I start with the measures which the Government announced last Thursday, and which are the immediate occasion of today's debate, and to which the right hon. Gentleman finally came round - a trifle nervously, I thought - after ploughing through that tedious and tendentious farrago of moth-eaten cuttings presented to him by the Conservative Research Department. I must say that part of his speech was rather like being savaged by a dead sheep.
NATO's nuclear strategy is an essential part of that balance [between East and West]. To threaten to upset it by refusing to let America base any of her nuclear weapons in Britain would make war more likely, not less likely.
The Guardian (14 August, 1981).
I would fight to change the policy before the General Election. If I failed then I wouldn't accept office in a Labour Government.
On unilateral nuclear disarmament. (The Guardian, 15 September, 1981).
It is totally unproven that the increase in the money supply has a short term or medium term connection with inflation and prices.
Speech in the House of Commons (Hansard, 11 November, 1981, Col. 552).
Faced with the difficulties of unilateral reflation some socialists are tempted to seek salvation through trade restrictions or competitive devaluation. But such beggar-my-neighbour policies, if pursued on the scale required...are more likely to lead to a trade and currency war than to insulate their sponsors from the recession in the outside world.
Speech in Paris (12 November, 1982).
We will put Polaris into the arms talks with the Soviet Union and hope to phase it out in multilateral negotiations...if the Russians … fail to cut their nuclear forces accordingly it would be a new situation that we could consider at that time.
The Times (25 May, 1983).
[Margaret Thatcher is] wrapping herself in a Union Jack and exploiting the services of our soldiers, sailors and airmen and hoping to get away with it. The Prime Minister who glories in slaughter...is at this very moment lending the military dictatorship in Buenos Aires millions of pounds to buy weapons, including weapons made in Britain, to kill British servicemen with, and that is an act of stupefying hypocrisy.

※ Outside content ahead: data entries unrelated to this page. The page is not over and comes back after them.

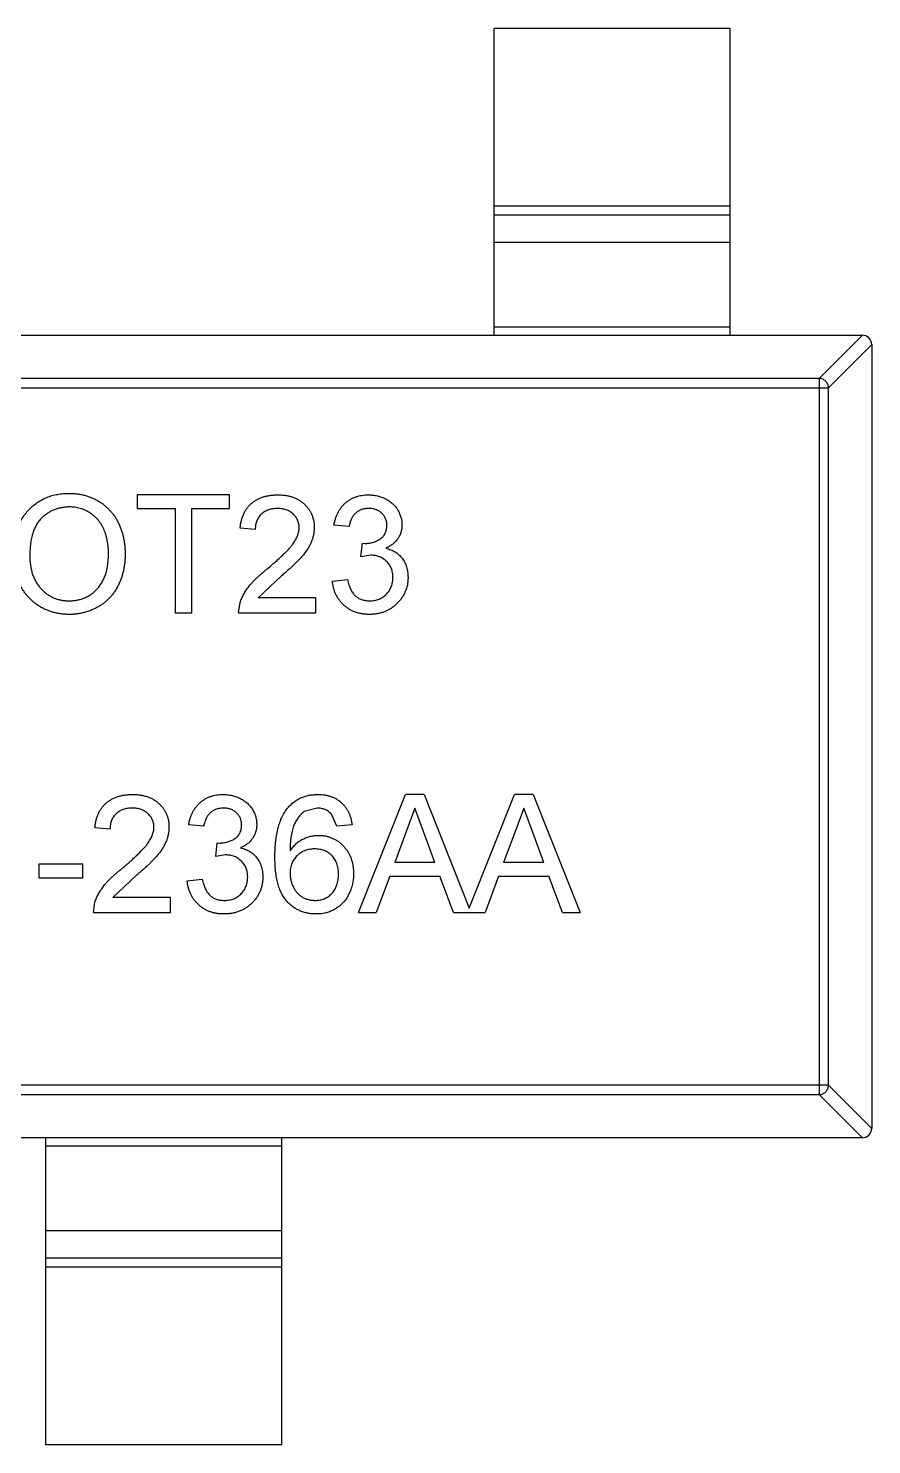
# Model space of a CAD drawing. Header units: inches. Extents: x -13 to 240, y -18 to 126.
# Drawn here: x 211.34 to 213.126, y 25.766 to 28.766 of the extents above; entities that cross this region are included whole.
import ezdxf

# ---------------------------------------------------------------- set-up
doc = ezdxf.new("R2010")
doc.units = ezdxf.units.IN
doc.header["$LTSCALE"] = 1.21
doc.header["$MEASUREMENT"] = 0
doc.layers.get('0').update_dxf_attribs({"linetype": 'CONTINUOUS'})

msp = doc.modelspace()

# ---------------------------------------------------------------- linework, layer by layer
at = {"color": 7, "linetype": 'Continuous'}
for p, q in [((212.8265, 28.7664), (212.3265, 28.7664)), ((212.3265, 28.1164), (212.3265, 28.7664)), ((212.8265, 28.1164), (212.8265, 28.7664)), ((212.3265, 28.3903), (212.8265, 28.3903)), ((212.8265, 28.3705), (212.3265, 28.3705)), ((212.8265, 28.3125), (212.3265, 28.3125)), ((210.1465, 28.1164), (213.1065, 28.1164)), ((212.3265, 28.1342), (212.8265, 28.1342)), ((213.0154, 28.025), (213.1068, 28.1164)), ((213.1265, 28.0967), (213.0351, 28.0053)), ((213.1265, 28.0964), (213.1265, 26.4364)), ((213.0154, 28.025), (210.2376, 28.025)), ((213.0154, 28.025), (213.0154, 26.5079)), ((210.2179, 28.0053), (213.0351, 28.0053)), ((213.0351, 26.5276), (213.0351, 28.0053)), ((211.7659, 27.7783), (211.5704, 27.7783)), ((211.5704, 27.7783), (211.5704, 27.7494)), ((211.7659, 27.7494), (211.7659, 27.7783)), ((211.5704, 27.7494), (211.6505, 27.7494)), ((211.6505, 27.7494), (211.6505, 27.5283)), ((211.6858, 27.7494), (211.7659, 27.7494)), ((211.6858, 27.5283), (211.6858, 27.7494)), ((211.8204, 27.7046), (211.7884, 27.7078)), ((212.0191, 27.711), (211.9871, 27.7142)), ((212.0445, 27.6469), (212.0478, 27.6757)), ((212.0478, 27.6757), (212.0524, 27.6754)), ((212.0652, 27.6503), (212.0445, 27.6469)), ((211.8761, 27.6067), (211.8263, 27.5603)), ((211.9839, 27.5956), (212.0159, 27.5988)), ((211.7852, 27.5283), (211.7885, 27.5505)), ((211.9486, 27.5603), (211.8263, 27.5603)), ((211.9486, 27.5283), (211.9486, 27.5603)), ((211.6505, 27.5283), (211.6858, 27.5283)), ((211.7852, 27.5283), (211.9486, 27.5283)), ((212.0394, 26.8937), (212.1387, 27.1437)), ((212.1784, 27.1437), (212.1387, 27.1437)), ((212.1784, 27.1437), (212.2739, 26.9031)), ((212.2739, 26.9031), (212.3694, 27.1437)), ((212.4092, 27.1437), (212.3694, 27.1437)), ((212.4092, 27.1437), (212.5085, 26.8937)), ((211.9513, 27.1148), (211.924, 27.1074)), ((211.9935, 27.0764), (211.9819, 27.102)), ((212.1586, 27.1148), (212.1415, 27.0686)), ((212.1769, 27.0651), (212.1586, 27.1148)), ((212.3893, 27.1148), (212.3723, 27.0686)), ((212.4077, 27.0651), (212.3893, 27.1148)), ((211.5127, 27.0699), (211.4807, 27.0731)), ((211.7114, 27.0764), (211.6794, 27.0796)), ((212.0255, 27.0796), (211.9935, 27.0764)), ((212.1415, 27.0686), (212.1159, 26.9994)), ((212.2012, 26.9994), (212.1769, 27.0651)), ((212.3723, 27.0686), (212.3467, 26.9994)), ((212.432, 26.9994), (212.4077, 27.0651)), ((211.7368, 27.0122), (211.7401, 27.0411)), ((211.7401, 27.0411), (211.7447, 27.0407)), ((211.7575, 27.0157), (211.7368, 27.0122)), ((211.455, 26.9962), (211.3621, 26.9962)), ((211.3621, 26.9962), (211.3621, 26.9674)), ((211.455, 26.9674), (211.455, 26.9962)), ((211.5684, 26.9721), (211.5186, 26.9257)), ((212.1053, 26.9706), (212.0768, 26.8937)), ((212.1053, 26.9706), (212.2118, 26.9706)), ((212.2012, 26.9994), (212.1159, 26.9994)), ((212.2403, 26.8937), (212.2118, 26.9706)), ((212.336, 26.9706), (212.3076, 26.8937)), ((212.336, 26.9706), (212.4426, 26.9706)), ((212.432, 26.9994), (212.3467, 26.9994)), ((212.4711, 26.8937), (212.4426, 26.9706)), ((211.3621, 26.9674), (211.455, 26.9674)), ((211.6762, 26.961), (211.7082, 26.9642)), ((211.4775, 26.8937), (211.4808, 26.9159)), ((211.6409, 26.9257), (211.5186, 26.9257)), ((211.6409, 26.8937), (211.6409, 26.9257)), ((211.4775, 26.8937), (211.6409, 26.8937)), ((212.0394, 26.8937), (212.0768, 26.8937)), ((212.2403, 26.8937), (212.3076, 26.8937)), ((212.4711, 26.8937), (212.5085, 26.8937)), ((213.0351, 26.5276), (210.2179, 26.5276)), ((213.0351, 26.5276), (213.1265, 26.4361)), ((210.2376, 26.5079), (213.0154, 26.5079)), ((213.1068, 26.4164), (213.0154, 26.5079)), ((213.1065, 26.4164), (210.1465, 26.4164)), ((211.3765, 25.7664), (211.3765, 26.4164)), ((211.8765, 25.7664), (211.8765, 26.4164)), ((211.8765, 26.3987), (211.3765, 26.3987)), ((211.3765, 26.2204), (211.8765, 26.2204)), ((211.3765, 26.1624), (211.8765, 26.1624)), ((211.8765, 26.1426), (211.3765, 26.1426)), ((211.8765, 25.7664), (211.3765, 25.7664))]:
    msp.add_line(p, q, dxfattribs=at)
for centre, start, end in [((213.1065, 28.0964), 0, 90), ((213.1065, 26.4364), 270, 0)]:
    msp.add_arc(centre, 0.02, start, end, dxfattribs=at)
for points, knots in [([(213.0351, 28.0053), (213.035, 28.0079), (213.0338, 28.013), (213.0294, 28.0194), (213.023, 28.0238), (213.0179, 28.0249), (213.0154, 28.025)], [0, 0, 0, 0, 0.249032, 0.5, 0.750968, 1, 1, 1, 1]), ([(211.3076, 27.65), (211.3077, 27.655), (211.3079, 27.6647), (211.3094, 27.679), (211.312, 27.6923), (211.3157, 27.7049), (211.3203, 27.7166), (211.326, 27.7275), (211.3328, 27.7375), (211.3406, 27.7467), (211.3492, 27.7548), (211.3584, 27.762), (211.3682, 27.768), (211.3787, 27.773), (211.3898, 27.7768), (211.4014, 27.7795), (211.4137, 27.7812), (211.4221, 27.7814), (211.4263, 27.7815)], [0, 0, 0, 0, 0.075226, 0.146575, 0.2145, 0.27953, 0.342403, 0.403496, 0.463762, 0.523864, 0.583252, 0.641302, 0.698898, 0.756295, 0.814628, 0.874325, 0.935783, 1, 1, 1, 1]), ([(211.4263, 27.7815), (211.4292, 27.7814), (211.4348, 27.7813), (211.4431, 27.7806), (211.4511, 27.7793), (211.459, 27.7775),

Healey was forced to retract this statement and claimed he had meant to say "conflict" rather than "slaughter". (The Guardian, 2 June, 1983).
What almost halved the support for the Labour Party was the feeling that it has lost its traditional common sense and its humanity to a new breed of sectarian extremism.
On the 1983 general election (The News of the World, 19 June, 1983).
So long as the Soviet Union has nuclear weapons there have to be nuclear weapons somewhere in NATO to deter them from using them.
The Tribune (28 March, 1986).
The reason we were defeated in so far as defence played a role is that people believe we were in favour of unilaterally disarming ourselves. It wasn't the confusion. It was the unilateralism that was the damaging thing.
Explaining Labour's defeat in the 1983 election in an interview in Marxism Today (April, 1986).
He has never been a Minister, lacks experience, and people know it. In troubled times, the electorate looks for a strong leader and Mrs Thatcher is seen as one.
The US, whether we like it or not, has nuclear weapons. The US is a member of NATO. Possession by the US of nuclear weapons is obviously a deterrent.
The London Standard (30 September, 1986).
No. Absolutely not. I think that the Russians are praying for a Labour victory...praying is perhaps an unfortunate choice of words. I think that they would much prefer a Labour government and that the idea that they would prefer a Tory government, I think is utter bunkum, and they [the Soviets] authorized me to say so.
Answering a suggestion that the Soviets would prefer a Conservative government led by Margaret Thatcher than a Labour government headed by Neil Kinnock at a press conference in Moscow after a meeting with Anatoly Dobrynin (11 May, 1987).
E. B. Geelhoed, Margaret Thatcher: In Victory and Downfall, 1987 and 1990 (Greenwood, 1992), pp. 120-1.